━━━━━ Available data

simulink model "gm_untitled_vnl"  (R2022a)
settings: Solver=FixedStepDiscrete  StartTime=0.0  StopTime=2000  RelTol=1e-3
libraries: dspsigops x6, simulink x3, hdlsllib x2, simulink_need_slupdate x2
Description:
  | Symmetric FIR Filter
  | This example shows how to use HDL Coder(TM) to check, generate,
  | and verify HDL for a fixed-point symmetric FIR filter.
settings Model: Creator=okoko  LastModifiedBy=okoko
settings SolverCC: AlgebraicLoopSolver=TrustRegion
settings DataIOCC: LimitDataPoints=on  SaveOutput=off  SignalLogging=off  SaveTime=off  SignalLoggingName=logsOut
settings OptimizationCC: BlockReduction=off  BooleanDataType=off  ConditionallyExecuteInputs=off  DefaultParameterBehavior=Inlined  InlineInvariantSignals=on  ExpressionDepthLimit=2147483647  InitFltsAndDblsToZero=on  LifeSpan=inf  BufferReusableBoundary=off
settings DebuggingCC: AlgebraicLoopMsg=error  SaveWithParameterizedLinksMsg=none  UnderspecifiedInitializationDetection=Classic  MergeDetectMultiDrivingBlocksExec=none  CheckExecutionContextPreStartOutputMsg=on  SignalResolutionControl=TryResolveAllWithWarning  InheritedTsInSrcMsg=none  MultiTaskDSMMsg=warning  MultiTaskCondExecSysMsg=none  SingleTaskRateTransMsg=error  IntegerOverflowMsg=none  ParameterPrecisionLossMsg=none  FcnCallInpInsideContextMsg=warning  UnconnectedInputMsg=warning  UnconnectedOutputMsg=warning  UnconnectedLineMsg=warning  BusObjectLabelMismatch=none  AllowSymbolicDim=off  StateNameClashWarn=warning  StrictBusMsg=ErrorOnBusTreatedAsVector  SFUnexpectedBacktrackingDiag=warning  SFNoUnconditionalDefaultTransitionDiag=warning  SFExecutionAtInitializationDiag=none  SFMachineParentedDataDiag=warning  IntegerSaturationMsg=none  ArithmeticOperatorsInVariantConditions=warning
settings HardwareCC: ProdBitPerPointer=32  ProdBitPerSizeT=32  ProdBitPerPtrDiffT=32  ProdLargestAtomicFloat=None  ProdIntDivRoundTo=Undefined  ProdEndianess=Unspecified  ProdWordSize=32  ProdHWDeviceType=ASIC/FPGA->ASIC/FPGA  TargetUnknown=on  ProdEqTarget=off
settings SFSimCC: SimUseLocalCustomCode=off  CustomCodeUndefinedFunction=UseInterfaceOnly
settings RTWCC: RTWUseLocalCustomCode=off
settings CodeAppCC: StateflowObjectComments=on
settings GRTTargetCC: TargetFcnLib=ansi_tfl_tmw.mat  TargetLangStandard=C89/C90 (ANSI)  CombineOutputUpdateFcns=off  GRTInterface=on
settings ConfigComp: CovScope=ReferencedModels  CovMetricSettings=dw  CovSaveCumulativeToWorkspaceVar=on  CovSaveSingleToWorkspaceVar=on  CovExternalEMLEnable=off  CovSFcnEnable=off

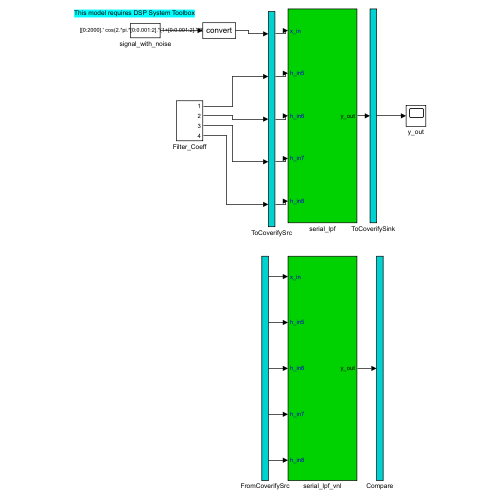
[thumbnail: Simulink's stored preview of the top-level diagram]
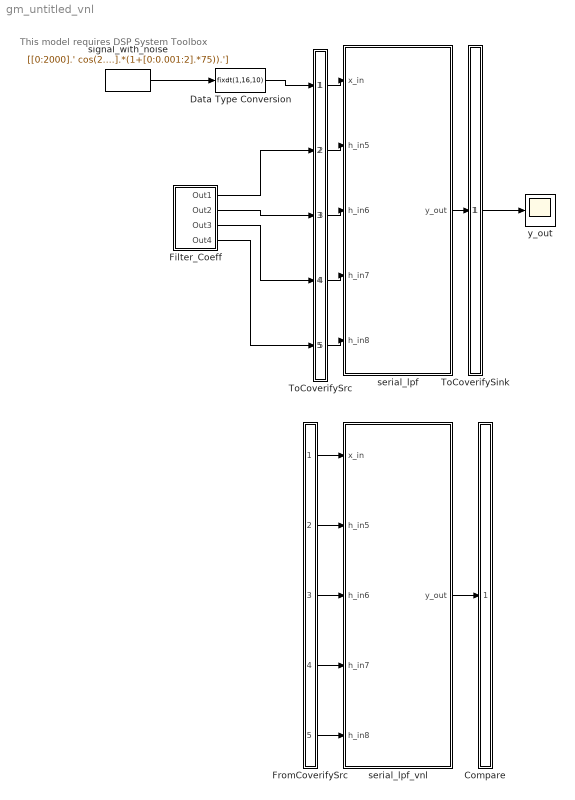
== system gm_untitled_vnl ==
  note: This model requires DSP System Toolbox
  Compare : Subsystem
      mask Display: disp('')
  Data Type Conversion : DataTypeConversion  OutDataTypeStr=fixdt(1,16,10)  SaturateOnIntegerOverflow=off  RndMeth=Floor
  Filter_Coeff : Subsystem
  FromCoverifySrc : Subsystem
      mask Display: disp('')
  ToCoverifySink : Subsystem
      mask Display: disp('')
  ToCoverifySrc : Subsystem
      mask Display: disp('')
  serial_lpf : Subsystem
  serial_lpf_vnl : Subsystem
  signal_with_noise : FromWorkspace  VariableName=[[0:2000].' cos(2.*pi.*[0:0.001:2].*(1+[0:0.001:2].*75)).']  SampleTime=1  OutputAfterFinalValue=Setting to zero
  y_out : Scope
  wires:
  signal_with_noise/1 -> Data Type Conversion/1
  ToCoverifySrc/1(out1) -> serial_lpf/1(x_in)
  ToCoverifySrc/2(out2) -> serial_lpf/2(h_in5)
  ToCoverifySrc/3(out3) -> serial_lpf/3(h_in6)
  ToCoverifySrc/4(out4) -> serial_lpf/4(h_in7)
  ToCoverifySrc/5(out5) -> serial_lpf/5(h_in8)
  serial_lpf/1(y_out) -> ToCoverifySink/1(in1)
  Data Type Conversion/1 -> ToCoverifySrc/1(in1)
  Filter_Coeff/1(Out1) -> ToCoverifySrc/2(in2)
  Filter_Coeff/2(Out2) -> ToCoverifySrc/3(in3)
  Filter_Coeff/3(Out3) -> ToCoverifySrc/4(in4)
  Filter_Coeff/4(Out4) -> ToCoverifySrc/5(in5)
  ToCoverifySink/1(out1) -> y_out/1
  FromCoverifySrc/1(out1) -> serial_lpf_vnl/1(x_in)
  FromCoverifySrc/2(out2) -> serial_lpf_vnl/2(h_in5)
  FromCoverifySrc/3(out3) -> serial_lpf_vnl/3(h_in6)
  FromCoverifySrc/4(out4) -> serial_lpf_vnl/4(h_in7)
  FromCoverifySrc/5(out5) -> serial_lpf_vnl/5(h_in8)
  serial_lpf_vnl/1(y_out) -> Compare/1(in1)

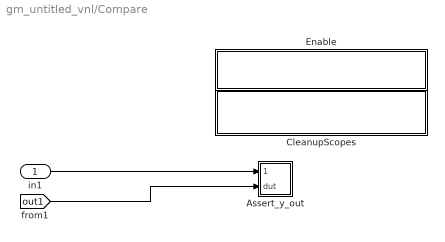
== system gm_untitled_vnl/Compare ==
  in1 : Inport
  Assert_y_out : Subsystem
  CleanupScopes : Subsystem
      settings: OpenFcn=|
      | blkName = gcb; %self block
      | idx = regexp(blkName, '/CleanupScopes$', 'once');
      | blkParent = blkName(1:idx-1);
      | blks=find_system(blkParent, 'LookUnderMasks', 'all','blocktype', 'Scope');
      | for itr = 1:length(blks)
      | 	 hScopeCfg = get_param(blks{itr},'ScopeConfiguration');
      | 	 hScopeCfg.Visible = ~ hScopeCfg.Visible;
      | end
      | drawnow;
      mask Display: fprintf(message('hdlcoder:cosim:vnl_dblclick').getString());
  Enable : Subsystem
      settings: OpenFcn=|
      | blkName = gcb;
      | idx = regexp(blkName, '/Enable$', 'once');
      | blkParent = blkName(1:idx-1);
      | blks=find_system(blkParent, 'LookUnderMasks', 'all','blocktype', 'Assertion');
      | e = get_param(blks{1}, 'Enabled');
      | if strcmp(e, 'on'), f= 'off';, else, f = 'on';, end
      | for ii=1:length(blks), set_param(blks{ii}, 'Enabled', f);, end
      | set_param(gcb, 'MaskDisplay',['fprintf(message(''hdlcoder:cosim:vnl_dblclick_assertions'',','''',upper(e),'''',').getString())']);
      mask Display: fprintf(message('hdlcoder:cosim:vnl_dblclick_assertions','OFF').getString());
  wires:
  in1/1 -> Assert_y_out/1(cosim)
  [out1] -> Assert_y_out/2(dut)

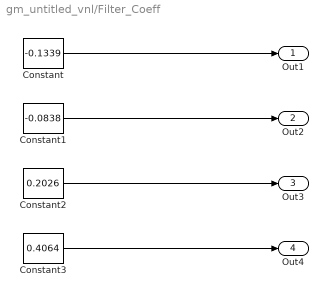
== system gm_untitled_vnl/Filter_Coeff ==
  Constant : Constant  Value=-0.1339  OutDataTypeStr=fixdt(1,16,10)  SampleTime=1
  Constant1 : Constant  Value=-0.0838  OutDataTypeStr=fixdt(1,16,10)  SampleTime=1
  Constant2 : Constant  Value=0.2026  OutDataTypeStr=fixdt(1,16,10)  SampleTime=1
  Constant3 : Constant  Value=0.4064  OutDataTypeStr=fixdt(1,16,10)  SampleTime=1
  Out1 : Outport  VectorParamsAs1DForOutWhenUnconnected=off
  Out2 : Outport  Port=2  VectorParamsAs1DForOutWhenUnconnected=off
  Out3 : Outport  Port=3  VectorParamsAs1DForOutWhenUnconnected=off
  Out4 : Outport  Port=4  VectorParamsAs1DForOutWhenUnconnected=off
  wires:
  Constant1/1 -> Out2/1
  Constant3/1 -> Out4/1
  Constant2/1 -> Out3/1
  Constant/1 -> Out1/1

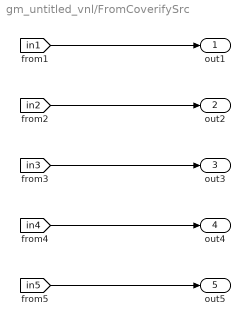
== system gm_untitled_vnl/FromCoverifySrc ==
  out1 : Outport
  out2 : Outport  Port=2
  out3 : Outport  Port=3
  out4 : Outport  Port=4
  out5 : Outport  Port=5
  wires:
  [in1] -> out1/1
  [in2] -> out2/1
  [in3] -> out3/1
  [in4] -> out4/1
  [in5] -> out5/1

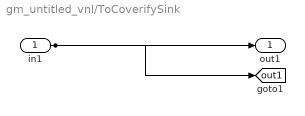
== system gm_untitled_vnl/ToCoverifySink ==
  in1 : Inport
  out1 : Outport
  tag scope: out1=global
  wires:
  in1/1 -> out1/1, [out1]

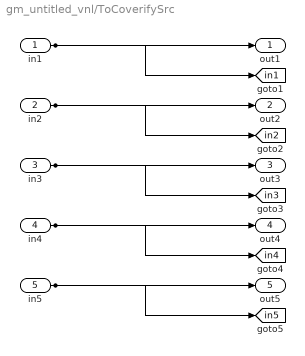
== system gm_untitled_vnl/ToCoverifySrc ==
  in1 : Inport
  in2 : Inport  Port=2
  in3 : Inport  Port=3
  in4 : Inport  Port=4
  in5 : Inport  Port=5
  out1 : Outport
  out2 : Outport  Port=2
  out3 : Outport  Port=3
  out4 : Outport  Port=4
  out5 : Outport  Port=5
  tag scope: in1=global, in2=global, in3=global, in4=global, in5=global
  wires:
  in1/1 -> out1/1, [in1]
  in2/1 -> out2/1, [in2]
  in3/1 -> out3/1, [in3]
  in4/1 -> out4/1, [in4]
  in5/1 -> out5/1, [in5]

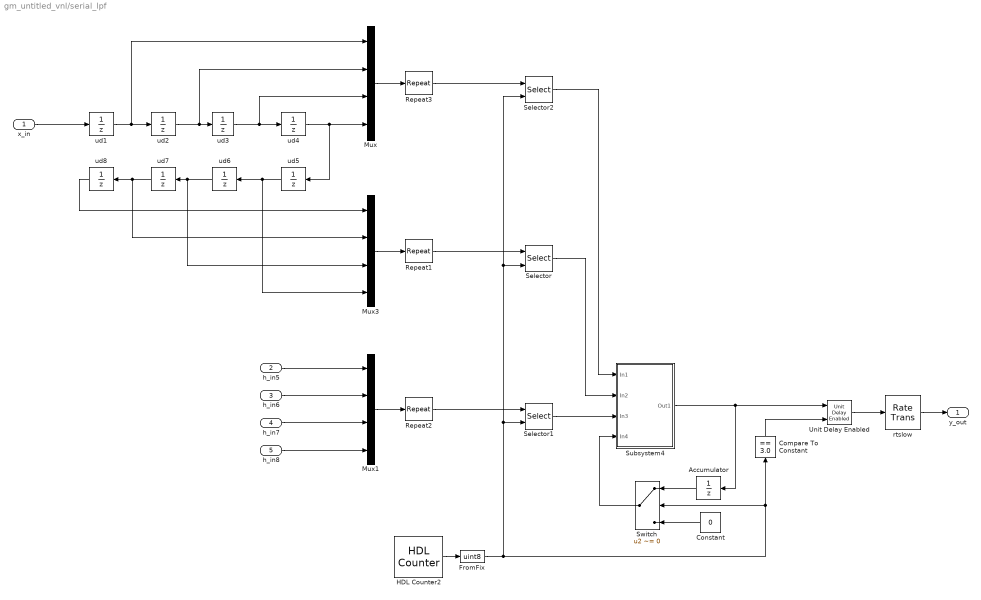
== system gm_untitled_vnl/serial_lpf ==
  x_in : Inport  SampleTime=1
  h_in5 : Inport  Port=2
  h_in6 : Inport  Port=3
  h_in7 : Inport  Port=4
  h_in8 : Inport  Port=5
  Accumulator : UnitDelay  SampleTime=-1  HasFrameUpgradeWarning=on
  Compare To Constant : simulink/Logic and Bit Operations/Compare To Constant  relop===  const=3.0  OutDataTypeStr=boolean
  Constant : Constant  Value=0  OutDataTypeStr=Inherit: Inherit via back propagation  SampleTime=-1
  FromFix : DataTypeConversion  OutDataTypeStr=uint8  SaturateOnIntegerOverflow=off  RndMeth=Floor
  HDL Counter2 : hdlsllib/Sources/HDL Counter  CountType=Count limited  CountInit=0  CountStep=1  CountMax=3  CountFromType=Initial value  CountFrom=0  CountResetPort=off  CountLoadPort=off  CountEnbPort=off  CountDirPort=off  CountHitOutputPort=off  CountDataType=Unsigned  CountWordLen=2  CountFracLen=0  CountSampTime=-1
  Mux : Mux
  Mux1 : Mux
  Mux3 : Mux
  Repeat1 : dspsigops/Repeat  N=4  RateOptions=Allow multirate processing  ic=0  mode=Unused parameter value
  Repeat2 : dspsigops/Repeat  N=4  RateOptions=Allow multirate processing  ic=0  mode=Unused parameter value
  Repeat3 : dspsigops/Repeat  N=4  RateOptions=Allow multirate processing  ic=0  mode=Unused parameter value
  Selector : Selector  IndexMode=Zero-based  InputPortWidth=4  IndexOptions=Index vector (port)  Indices=[1 3]  OutputSizes=1
  Selector1 : Selector  IndexMode=Zero-based  InputPortWidth=4  IndexOptions=Index vector (port)  Indices=[1 3]  OutputSizes=1
  Selector2 : Selector  IndexMode=Zero-based  InputPortWidth=4  IndexOptions=Index vector (port)  Indices=[1 3]  OutputSizes=1
  Subsystem4 : Subsystem  TreatAsAtomicUnit=on
  Switch : Switch  Criteria=u2 ~= 0  OutDataTypeStr=fixdt(1,35,20)  SaturateOnIntegerOverflow=off  InputSameDT=off
  Unit Delay Enabled : simulink_need_slupdate/Unit Delay Enabled  vinit=0.0  tsamp=-1
      settings: SourceProductBaseCode=SL
  rtslow : RateTransition
  ud{1..8} (8 alike) : UnitDelay  SampleTime=-1  HasFrameUpgradeWarning=on
  y_out : Outport  SampleTime=1  VectorParamsAs1DForOutWhenUnconnected=off
  wires:
  Selector/1 -> Subsystem4/2(In2)
  Mux/1 -> Repeat3/1
  Repeat1/1 -> Selector/1
  Subsystem4/1(Out1) -> Accumulator/1, Unit Delay Enabled/1
  x_in/1 -> ud1/1
  ud7/1 -> Mux3/2, ud8/1
  h_in5/1 -> Mux1/1
  h_in6/1 -> Mux1/2
  h_in7/1 -> Mux1/3
  h_in8/1 -> Mux1/4
  HDL Counter2/1 -> FromFix/1
  Mux1/1 -> Repeat2/1
  Selector1/1 -> Subsystem4/3(In3)
  Selector2/1 -> Subsystem4/1(In1)
  Mux3/1 -> Repeat1/1
  Repeat3/1 -> Selector2/1
  Repeat2/1 -> Selector1/1
  rtslow/1 -> y_out/1
  Unit Delay Enabled/1 -> rtslow/1
  Accumulator/1 -> Switch/1
  Constant/1 -> Switch/3
  Switch/1 -> Subsystem4/4(In4)
  Compare To Constant/1 -> Unit Delay Enabled/2
  ud1/1 -> Mux/1, ud2/1
  ud2/1 -> Mux/2, ud3/1
  ud3/1 -> Mux/3, ud4/1
  ud4/1 -> Mux/4, ud5/1
  ud5/1 -> Mux3/4, ud6/1
  ud6/1 -> Mux3/3, ud7/1
  ud8/1 -> Mux3/1
  FromFix/1 -> Selector1/2, Selector/2, Selector2/2, Switch/2, Compare To Constant/1

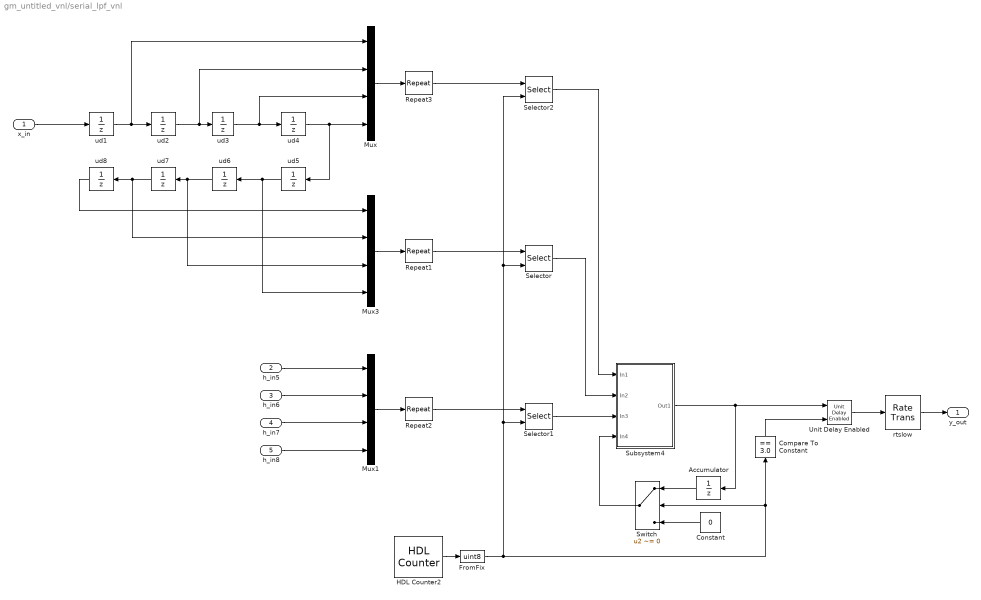
== system gm_untitled_vnl/serial_lpf_vnl ==
  x_in : Inport  SampleTime=1
  h_in5 : Inport  Port=2
  h_in6 : Inport  Port=3
  h_in7 : Inport  Port=4
  h_in8 : Inport  Port=5
  Accumulator : UnitDelay  SampleTime=-1  HasFrameUpgradeWarning=on
  Compare To Constant : simulink/Logic and Bit Operations/Compare To Constant  relop===  const=3.0  OutDataTypeStr=boolean
  Constant : Constant  Value=0  OutDataTypeStr=Inherit: Inherit via back propagation  SampleTime=-1
  FromFix : DataTypeConversion  OutDataTypeStr=uint8  SaturateOnIntegerOverflow=off  RndMeth=Floor
  HDL Counter2 : hdlsllib/Sources/HDL Counter  CountType=Count limited  CountInit=0  CountStep=1  CountMax=3  CountFromType=Initial value  CountFrom=0  CountResetPort=off  CountLoadPort=off  CountEnbPort=off  CountDirPort=off  CountHitOutputPort=off  CountDataType=Unsigned  CountWordLen=2  CountFracLen=0  CountSampTime=-1
  Mux : Mux
  Mux1 : Mux
  Mux3 : Mux
  Repeat1 : dspsigops/Repeat  N=4  RateOptions=Allow multirate processing  ic=0  mode=Unused parameter value
  Repeat2 : dspsigops/Repeat  N=4  RateOptions=Allow multirate processing  ic=0  mode=Unused parameter value
  Repeat3 : dspsigops/Repeat  N=4  RateOptions=Allow multirate processing  ic=0  mode=Unused parameter value
  Selector : Selector  IndexMode=Zero-based  InputPortWidth=4  IndexOptions=Index vector (port)  Indices=[1 3]  OutputSizes=1
  Selector1 : Selector  IndexMode=Zero-based  InputPortWidth=4  IndexOptions=Index vector (port)  Indices=[1 3]  OutputSizes=1
  Selector2 : Selector  IndexMode=Zero-based  InputPortWidth=4  IndexOptions=Index vector (port)  Indices=[1 3]  OutputSizes=1
  Subsystem4 : Subsystem  TreatAsAtomicUnit=on
  Switch : Switch  Criteria=u2 ~= 0  OutDataTypeStr=fixdt(1,35,20)  SaturateOnIntegerOverflow=off  InputSameDT=off
  Unit Delay Enabled : simulink_need_slupdate/Unit Delay Enabled  vinit=0.0  tsamp=-1
      settings: SourceProductBaseCode=SL
  rtslow : RateTransition
  ud{1..8} (8 alike) : UnitDelay  SampleTime=-1  HasFrameUpgradeWarning=on
  y_out : Outport  SampleTime=1  VectorParamsAs1DForOutWhenUnconnected=off
  wires:
  FromFix/1 -> Compare To Constant/1, Switch/2, Selector2/2, Selector/2, Selector1/2
  ud8/1 -> Mux3/1
  ud6/1 -> ud7/1, Mux3/3
  ud5/1 -> ud6/1, Mux3/4
  ud4/1 -> ud5/1, Mux/4
  ud3/1 -> ud4/1, Mux/3
  ud2/1 -> ud3/1, Mux/2
  ud1/1 -> ud2/1, Mux/1
  Compare To Constant/1 -> Unit Delay Enabled/2
  Switch/1 -> Subsystem4/4(In4)
  Constant/1 -> Switch/3
  Accumulator/1 -> Switch/1
  Unit Delay Enabled/1 -> rtslow/1
  rtslow/1 -> y_out/1
  Repeat2/1 -> Selector1/1
  Repeat3/1 -> Selector2/1
  Mux3/1 -> Repeat1/1
  Selector2/1 -> Subsystem4/1(In1)
  Selector1/1 -> Subsystem4/3(In3)
  Mux1/1 -> Repeat2/1
  HDL Counter2/1 -> FromFix/1
  h_in8/1 -> Mux1/4
  h_in7/1 -> Mux1/3
  h_in6/1 -> Mux1/2
  h_in5/1 -> Mux1/1
  ud7/1 -> ud8/1, Mux3/2
  x_in/1 -> ud1/1
  Subsystem4/1(Out1) -> Unit Delay Enabled/1, Accumulator/1
  Repeat1/1 -> Selector/1
  Mux/1 -> Repeat3/1
  Selector/1 -> Subsystem4/2(In2)

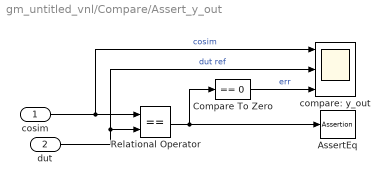
== system gm_untitled_vnl/Compare/Assert_y_out ==
  cosim : Inport
  dut : Inport  Port=2
  AssertEq : Assertion  StopWhenAssertionFail=off
  Compare To Zero : simulink/Logic and Bit Operations/Compare To Zero  relop===  OutDataTypeStr=boolean
  Relational Operator : RelationalOperator  Operator===  OutDataTypeStr=boolean  InputSameDT=off
  compare: y_out : Scope  NumInputPorts=3
  wires:
  Compare To Zero/1 -> compare: y_out/3  "err"
  Relational Operator/1 -> Compare To Zero/1, AssertEq/1
  cosim/1 -> compare: y_out/1, Relational Operator/1  "cosim"
  dut/1 -> compare: y_out/2, Relational Operator/2  "dut ref"

== system gm_untitled_vnl/Compare/CleanupScopes ==

== system gm_untitled_vnl/Compare/Enable ==

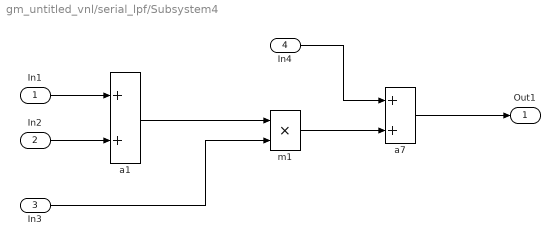
== system gm_untitled_vnl/serial_lpf/Subsystem4 ==
  In1 : Inport
  In2 : Inport  Port=2
  In3 : Inport  Port=3
  In4 : Inport  Port=4
  a1 : Sum
  a7 : Sum
  m1 : Product  RndMeth=Zero
  Out1 : Outport  OutDataTypeStr=fixdt(1,35,20)  SampleTime=0.25  VectorParamsAs1DForOutWhenUnconnected=off
  wires:
  a1/1 -> m1/1
  a7/1 -> Out1/1
  In1/1 -> a1/1
  In2/1 -> a1/2
  In3/1 -> m1/2
  In4/1 -> a7/1
  m1/1 -> a7/2

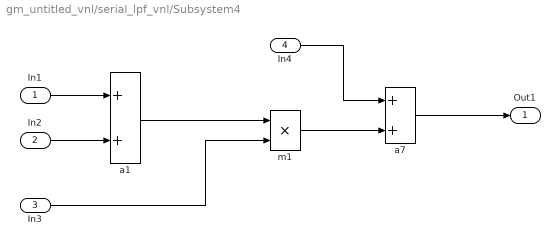
== system gm_untitled_vnl/serial_lpf_vnl/Subsystem4 ==
  In1 : Inport
  In2 : Inport  Port=2
  In3 : Inport  Port=3
  In4 : Inport  Port=4
  a1 : Sum
  a7 : Sum
  m1 : Product  RndMeth=Zero
  Out1 : Outport  OutDataTypeStr=fixdt(1,35,20)  SampleTime=0.25  VectorParamsAs1DForOutWhenUnconnected=off
  wires:
  m1/1 -> a7/2
  In4/1 -> a7/1
  In3/1 -> m1/2
  In2/1 -> a1/2
  In1/1 -> a1/1
  a7/1 -> Out1/1
  a1/1 -> m1/1

━━━━━━━━━━

**Exercise objective**
Word for word, output the lines of the data from its first line through the line where "settings SolverCC: AlgebraicLoopSolver=TrustRegion" appears, and stop there.

**Task output**
simulink model "gm_untitled_vnl"  (R2022a)
settings: Solver=FixedStepDiscrete  StartTime=0.0  StopTime=2000  RelTol=1e-3
libraries: dspsigops x6, simulink x3, hdlsllib x2, simulink_need_slupdate x2
Description:
  | Symmetric FIR Filter
  | This example shows how to use HDL Coder(TM) to check, generate,
  | and verify HDL for a fixed-point symmetric FIR filter.
settings Model: Creator=okoko  LastModifiedBy=okoko
settings SolverCC: AlgebraicLoopSolver=TrustRegion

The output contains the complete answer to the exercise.